### YOUR OBJECTIVE:
Word for word, restate the lines of the listing below from the line with "[Konf] -> Adsorption Kondensation/5(Konf)" through the line with "Constant10 : Constant", and do not include the pictures.

### RECORDS PROVIDED:
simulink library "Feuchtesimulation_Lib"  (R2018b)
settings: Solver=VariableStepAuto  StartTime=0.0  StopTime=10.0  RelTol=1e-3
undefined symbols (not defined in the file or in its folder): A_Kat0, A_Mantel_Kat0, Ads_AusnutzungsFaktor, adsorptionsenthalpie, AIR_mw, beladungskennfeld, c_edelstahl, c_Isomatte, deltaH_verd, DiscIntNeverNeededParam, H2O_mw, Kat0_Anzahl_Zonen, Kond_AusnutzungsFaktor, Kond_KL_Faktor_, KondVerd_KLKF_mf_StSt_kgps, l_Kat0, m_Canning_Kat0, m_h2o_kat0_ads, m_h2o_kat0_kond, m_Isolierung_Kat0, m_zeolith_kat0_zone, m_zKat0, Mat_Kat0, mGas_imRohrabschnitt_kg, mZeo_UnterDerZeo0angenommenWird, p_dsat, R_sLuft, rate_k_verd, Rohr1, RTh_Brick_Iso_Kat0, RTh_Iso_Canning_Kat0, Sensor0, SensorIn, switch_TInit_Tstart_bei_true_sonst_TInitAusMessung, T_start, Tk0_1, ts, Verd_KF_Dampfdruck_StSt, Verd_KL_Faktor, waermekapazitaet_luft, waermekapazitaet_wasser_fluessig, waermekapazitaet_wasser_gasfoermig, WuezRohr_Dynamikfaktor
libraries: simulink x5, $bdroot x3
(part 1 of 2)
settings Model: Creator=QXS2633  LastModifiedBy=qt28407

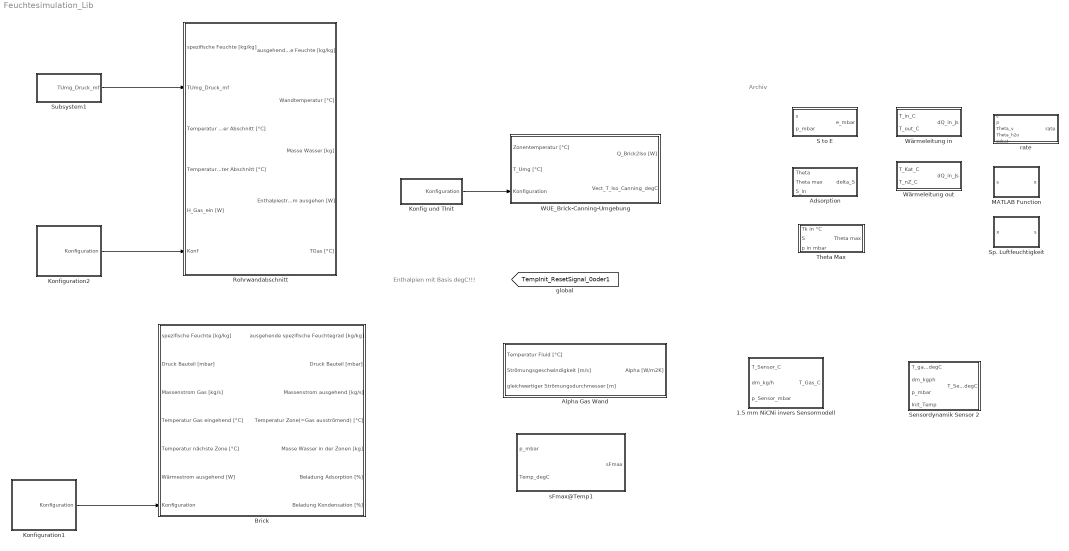
== system Feuchtesimulation_Lib ==
  note: Archiv
  note: Enthalpien mit Basis degC!!!
  1.5 mm NiCNi invers Sensormodell : Subsystem
  Adsorption : Subsystem
  Alpha Gas Wand : Subsystem
  Brick : Subsystem
  Konfig und TInit : Subsystem
  Konfiguration1 : Subsystem
  Konfiguration2 : Subsystem
  MATLAB Function : MATLAB Function  TreatAsAtomicUnit=on
  Rohrwandabschnitt : Subsystem
  S to E : Subsystem
  Sensordynamik Sensor 2 : Subsystem
  Sp. Luftfeuchtigkeit : MATLAB Function  TreatAsAtomicUnit=on
  Subsystem1 : Subsystem
  Theta Max : Subsystem
  WUE_Brick-Canning-Umgebung : Subsystem
  Wärmeleitung in : Subsystem
  Wärmeleitung out : Subsystem
  rate : Subsystem
  sFmax@Temp1 : MATLAB Function  TreatAsAtomicUnit=on
  tag scope: TempInit_ResetSignal_0oder1=global
  wires:
  Konfiguration1/1(Konfiguration) -> Brick/7(Konfiguration)
  Konfiguration2/1(Konfiguration) -> Rohrwandabschnitt/6(Konf)
  Subsystem1/1(TUmg_Druck_mf) -> Rohrwandabschnitt/2(TUmg_Druck_mf)
  Konfig und TInit/1(Konfiguration) -> WUE_Brick-Canning-Umgebung/3(Konfiguration)

== system Feuchtesimulation_Lib/1.5 mm NiCNi invers Sensormodell ==
  T_Sensor_C : Inport
  dm_kg/h : Inport  Port=2
  p_Sensor_mbar : Inport  Port=3
  dm_to_v : Subsystem
  erh. Sensordynamik : Subsystem
  T_Gas_C : Outport
  wires:
  dm_kg/h/1 -> dm_to_v/1(dm_kg/h)
  dm_to_v/1(v_m/s) -> erh. Sensordynamik/2(v_m/s)
  T_Sensor_C/1 -> dm_to_v/3(Tg_C), erh. Sensordynamik/1(T_in_c)
  p_Sensor_mbar/1 -> dm_to_v/2(p_mbar)
  erh. Sensordynamik/1(T_out_c) -> T_Gas_C/1

== system Feuchtesimulation_Lib/Adsorption ==
  Theta : Inport
  Theta max : Inport  Port=2
  S_in : Inport  Port=3
  Assertion : Assertion
  Constant : Constant
  Divide : Product  Inputs=*/
  Multiply : Product
  Sum : Sum  Inputs=+-|
  delta_S : Outport
  wires:
  Theta max/1 -> Assertion/1, Divide/2
  Theta/1 -> Divide/1
  Divide/1 -> Sum/2
  Constant/1 -> Sum/1
  Sum/1 -> Multiply/1
  Multiply/1 -> delta_S/1
  S_in/1 -> Multiply/2

== system Feuchtesimulation_Lib/Alpha Gas Wand ==
  Temperatur Fluid [°C] : Inport
  Strömungsgeschwindigkeit [m/s] : Inport  Port=2
  gleichwertiger Strömungsdurchmesser [m] : Inport  Port=3
  MATLAB Function : MATLAB Function  TreatAsAtomicUnit=on
  Alpha [W/m2K] : Outport
  wires:
  MATLAB Function/1(alpha) -> Alpha [W/m2K]/1
  Temperatur Fluid [°C]/1 -> MATLAB Function/1(tf)
  Strömungsgeschwindigkeit [m/s]/1 -> MATLAB Function/2(v)
  gleichwertiger Strömungsdurchmesser [m]/1 -> MATLAB Function/3(dgl)

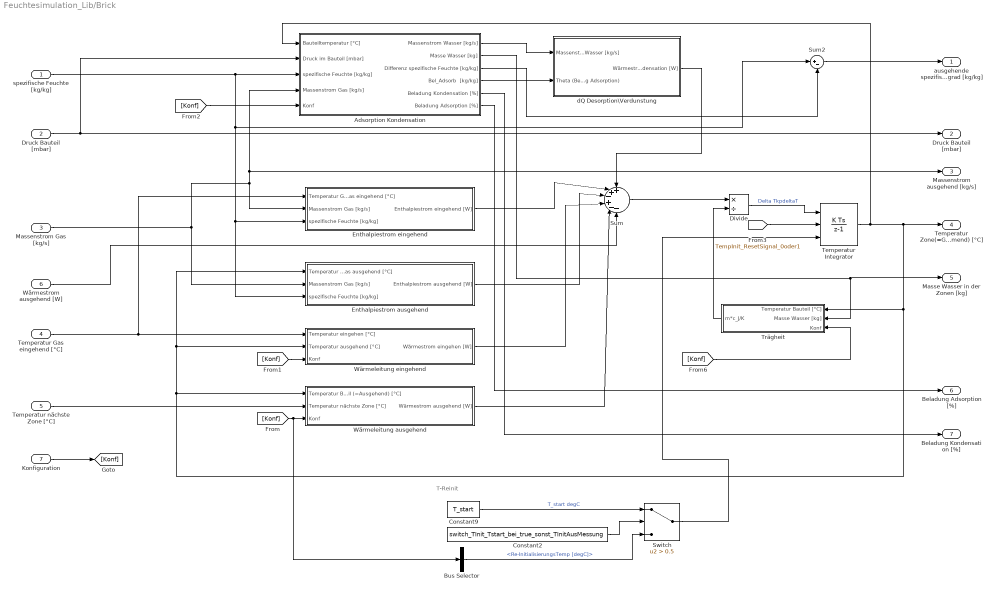
== system Feuchtesimulation_Lib/Brick ==
  note: T-Reinit
  spezifische Feuchte [kg/kg] : Inport
  Druck Bauteil [mbar] : Inport  Port=2
  "Massenstrom Gas [kg/s] " : Inport  Port=3
  Temperatur Gas eingehend [°C] : Inport  Port=4
  Temperatur nächste Zone [°C] : Inport  Port=5
  Wärmestrom ausgehend [W] : Inport  Port=6
  Konfiguration : Inport  Port=7
  Adsorption Kondensation : Subsystem
  Bus Selector : BusSelector  OutputSignals=Re-InitialisierungsTemp [degC]
  Constant2 : Constant  Value=switch_TInit_Tstart_bei_true_sonst_TInitAusMessung
  Constant9 : Constant  Value=T_start
  Divide : Product  Inputs=*/
  "Enthalpiestrom ausgehend " : Subsystem
  "Enthalpiestrom eingehend " : Subsystem
  Sum : Sum  Inputs=++-+--
  Sum2 : Sum  Inputs=|+-
  Switch : Switch  Criteria=u2 > Threshold  Threshold=0.5
  Temperatur Integrator : DiscreteIntegrator  ExternalReset=rising  InitialConditionSource=external  InitialCondition=Tk0_1  SampleTime=ts  ICPrevOutput=DiscIntNeverNeededParam  ICPrevScaledInput=DiscIntNeverNeededParam
  "Trägheit " : Subsystem
  "Wärmeleitung ausgehend " : Subsystem
  Wärmeleitung eingehend : Subsystem
  dQ Desorption\Verdunstung : Subsystem
  ausgehende spezifische Feuchtegrad [kg/kg] : Outport
  "Druck Bauteil [mbar] " : Outport  Port=2
  Massenstrom ausgehend [kg/s] : Outport  Port=3
  Temperatur Zone(=Gas ausströmend) [°C] : Outport  Port=4
  Masse Wasser in der Zonen [kg] : Outport  Port=5
  Beladung Adsorption [%] : Outport  Port=6
  Beladung Kondensation [%] : Outport  Port=7
  wires:
  Wärmeleitung eingehend/1(Wärmestrom eingehen [W]) -> Sum/4
  "Wärmeleitung ausgehend "/1(Wärmestrom ausgehend [W]) -> Sum/5
  "Enthalpiestrom ausgehend "/1(Enthalpiestrom ausgehend [W]) -> Sum/3
  Temperatur Gas eingehend [°C]/1 -> "Enthalpiestrom eingehend "/1(Temperatur Gas eingehend [°C]), Wärmeleitung eingehend/1(Temperatur eingehen [°C])
  Temperatur nächste Zone [°C]/1 -> "Wärmeleitung ausgehend "/2(Temperatur nächste Zone [°C])
  Divide/1 -> Temperatur Integrator/1  "Delta TkpdeltaT"
  "Enthalpiestrom eingehend "/1(Enthalpiestrom eingehend [W]) -> Sum/2
  spezifische Feuchte [kg/kg]/1 -> Sum2/1, "Enthalpiestrom ausgehend "/3(spezifische Feuchte [kg/kg]), "Enthalpiestrom eingehend "/3(spezifische Feuchte [kg/kg]), Adsorption Kondensation/3(spezifische Feuchte [kg/kg])
  Sum/1 -> Divide/1
  "Massenstrom Gas [kg/s] "/1 -> "Enthalpiestrom eingehend "/2(Massenstrom Gas [kg/s]), Adsorption Kondensation/4(Massenstrom Gas [kg/s]), Massenstrom ausgehend [kg/s]/1, "Enthalpiestrom ausgehend "/2(Massenstrom Gas [kg/s])
  Druck Bauteil [mbar]/1 -> Adsorption Kondensation/2(Druck im Bauteil [mbar]), "Druck Bauteil [mbar] "/1
  Adsorption Kondensation/1(Massenstrom Wasser [kg/s]) -> dQ Desorption\Verdunstung/1(Massenstrom Wasser [kg/s])
  dQ Desorption\Verdunstung/1(Wärmestrom Adsorption/Kondensation [W]) -> Sum/1
  Adsorption Kondensation/2(Masse Wasser [kg]) -> "Trägheit "/2(Masse Wasser [kg]), Masse Wasser in der Zonen [kg]/1
  Temperatur Integrator/1 -> Adsorption Kondensation/1(Bauteiltemperatur [°C]), Temperatur Zone(=Gas ausströmend) [°C]/1, "Enthalpiestrom ausgehend "/1(Temperatur Gas ausgehend [°C]), Wärmeleitung eingehend/2(Temperatur ausgehend [°C]), "Wärmeleitung ausgehend "/1(Temperatur Bauteil (=Ausgehend) [°C]), "Trägheit "/1(Temperatur Bauteil [°C])
  "Trägheit "/1(m*c_J/K) -> Divide/2
  Konfiguration/1 -> [Konf]
  [Konf] -> Bus Selector/1, "Wärmeleitung ausgehend "/3(Konf)
  [Konf] -> Wärmeleitung eingehend/3(Konf)
  [Konf] -> "Trägheit "/3(Konf)
  Sum2/1 -> ausgehende spezifische Feuchtegrad [kg/kg]/1
  Adsorption Kondensation/3(Differenz spezifische Feuchte [kg/kg]) -> Sum2/2
  [Konf] -> Adsorption Kondensation/5(Konf)
  Adsorption Kondensation/5(Beladung Kondensation [%]) -> Beladung Kondensation [%]/1
  Wärmestrom ausgehend [W]/1 -> Sum/6
  Adsorption Kondensation/6(Beladung Adsorption [%]) -> Beladung Adsorption [%]/1
  Adsorption Kondensation/4(Bel_Adsorb  [kg/kg]) -> dQ Desorption\Verdunstung/2(Theta (Beladung Adsorption))
  [TempInit_ResetSignal_0oder1] -> Temperatur Integrator/2
  Constant9/1 -> Switch/1  "T_start degC"
  Constant2/1 -> Switch/2
  Bus Selector/1 -> Switch/3  "<Re-InitialisierungsTemp [degC]>"
  Switch/1 -> Temperatur Integrator/3

== system Feuchtesimulation_Lib/Konfig und TInit ==
  Bus Creator : BusCreator  Inputs=7
  Constant : Constant  Value=RTh_Brick_Iso_Kat0
  Constant1 : Constant  Value=RTh_Iso_Canning_Kat0
  Constant2 : Constant  Value=m_Isolierung_Kat0
  Constant3 : Constant  Value=m_Canning_Kat0
  Constant4 : Constant  Value=A_Mantel_Kat0
  Constant5 : Constant  Value=Kat0_Anzahl_Zonen
  From Workspace : FromWorkspace  VariableName=simin  SampleTime=0
  Konfiguration : Outport
  wires:
  Bus Creator/1 -> Konfiguration/1
  Constant/1 -> Bus Creator/1  "RTh_Brick_Iso [K/W]"
  Constant1/1 -> Bus Creator/2  "RTh_Iso_Canning [K/W]"
  Constant3/1 -> Bus Creator/4  "m_Canning [kg]"
  Constant4/1 -> Bus Creator/5  "A_Mantel [m2]"
  Constant5/1 -> Bus Creator/6  "Anzahl_Zonen [-]"
  Constant2/1 -> Bus Creator/3  "m_Isolierung [kg]"
  From Workspace/1 -> Bus Creator/7  "Re-InitialisierungsTemp [degC]"

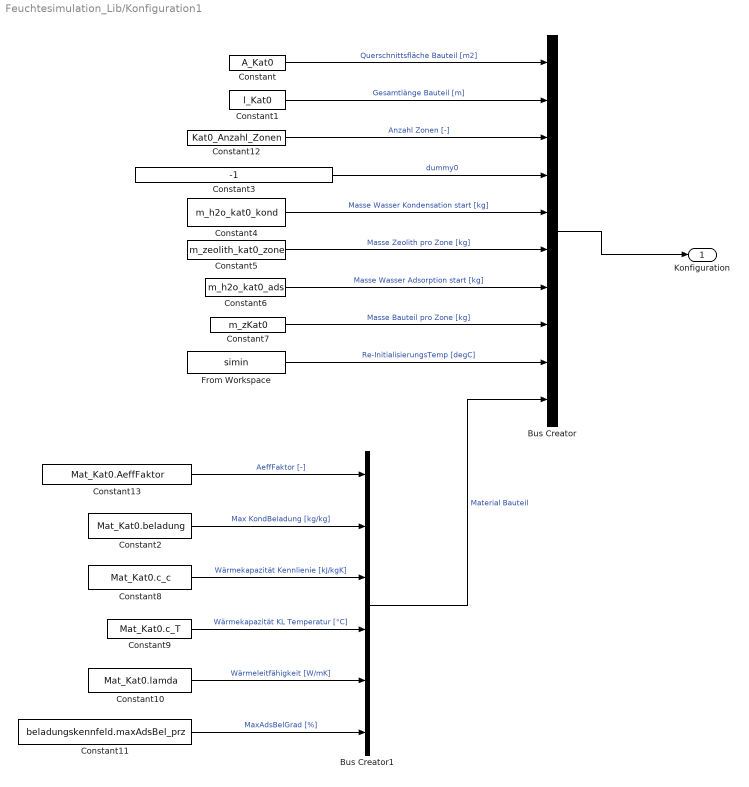
== system Feuchtesimulation_Lib/Konfiguration1 ==
  Bus Creator : BusCreator  Inputs=10
  Bus Creator1 : BusCreator  Inputs=6
  Constant : Constant  Value=A_Kat0
  Constant1 : Constant  Value=l_Kat0
  Constant10 : Constant  Value=Mat_Kat0.lamda
  Constant11 : Constant  Value=beladungskennfeld.maxAdsBel_prz
  Constant12 : Constant  Value=Kat0_Anzahl_Zonen
  Constant13 : Constant  Value=Mat_Kat0.AeffFaktor
  Constant2 : Constant  Value=Mat_Kat0.beladung
  Constant3 : Constant  Value=-1
  Constant4 : Constant  Value=m_h2o_kat0_kond
  Constant5 : Constant  Value=m_zeolith_kat0_zone
  Constant6 : Constant  Value=m_h2o_kat0_ads
  Constant7 : Constant  Value=m_zKat0
  Constant8 : Constant  Value=Mat_Kat0.c_c
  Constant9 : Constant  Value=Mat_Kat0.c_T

### OUTPUT:
  [Konf] -> Adsorption Kondensation/5(Konf)
  Adsorption Kondensation/5(Beladung Kondensation [%]) -> Beladung Kondensation [%]/1
  Wärmestrom ausgehend [W]/1 -> Sum/6
  Adsorption Kondensation/6(Beladung Adsorption [%]) -> Beladung Adsorption [%]/1
  Adsorption Kondensation/4(Bel_Adsorb  [kg/kg]) -> dQ Desorption\Verdunstung/2(Theta (Beladung Adsorption))
  [TempInit_ResetSignal_0oder1] -> Temperatur Integrator/2
  Constant9/1 -> Switch/1  "T_start degC"
  Constant2/1 -> Switch/2
  Bus Selector/1 -> Switch/3  "<Re-InitialisierungsTemp [degC]>"
  Switch/1 -> Temperatur Integrator/3

== system Feuchtesimulation_Lib/Konfig und TInit ==
  Bus Creator : BusCreator  Inputs=7
  Constant : Constant  Value=RTh_Brick_Iso_Kat0
  Constant1 : Constant  Value=RTh_Iso_Canning_Kat0
  Constant2 : Constant  Value=m_Isolierung_Kat0
  Constant3 : Constant  Value=m_Canning_Kat0
  Constant4 : Constant  Value=A_Mantel_Kat0
  Constant5 : Constant  Value=Kat0_Anzahl_Zonen
  From Workspace : FromWorkspace  VariableName=simin  SampleTime=0
  Konfiguration : Outport
  wires:
  Bus Creator/1 -> Konfiguration/1
  Constant/1 -> Bus Creator/1  "RTh_Brick_Iso [K/W]"
  Constant1/1 -> Bus Creator/2  "RTh_Iso_Canning [K/W]"
  Constant3/1 -> Bus Creator/4  "m_Canning [kg]"
  Constant4/1 -> Bus Creator/5  "A_Mantel [m2]"
  Constant5/1 -> Bus Creator/6  "Anzahl_Zonen [-]"
  Constant2/1 -> Bus Creator/3  "m_Isolierung [kg]"
  From Workspace/1 -> Bus Creator/7  "Re-InitialisierungsTemp [degC]"

== system Feuchtesimulation_Lib/Konfiguration1 ==
  Bus Creator : BusCreator  Inputs=10
  Bus Creator1 : BusCreator  Inputs=6
  Constant : Constant  Value=A_Kat0
  Constant1 : Constant  Value=l_Kat0
  Constant10 : Constant  Value=Mat_Kat0.lamda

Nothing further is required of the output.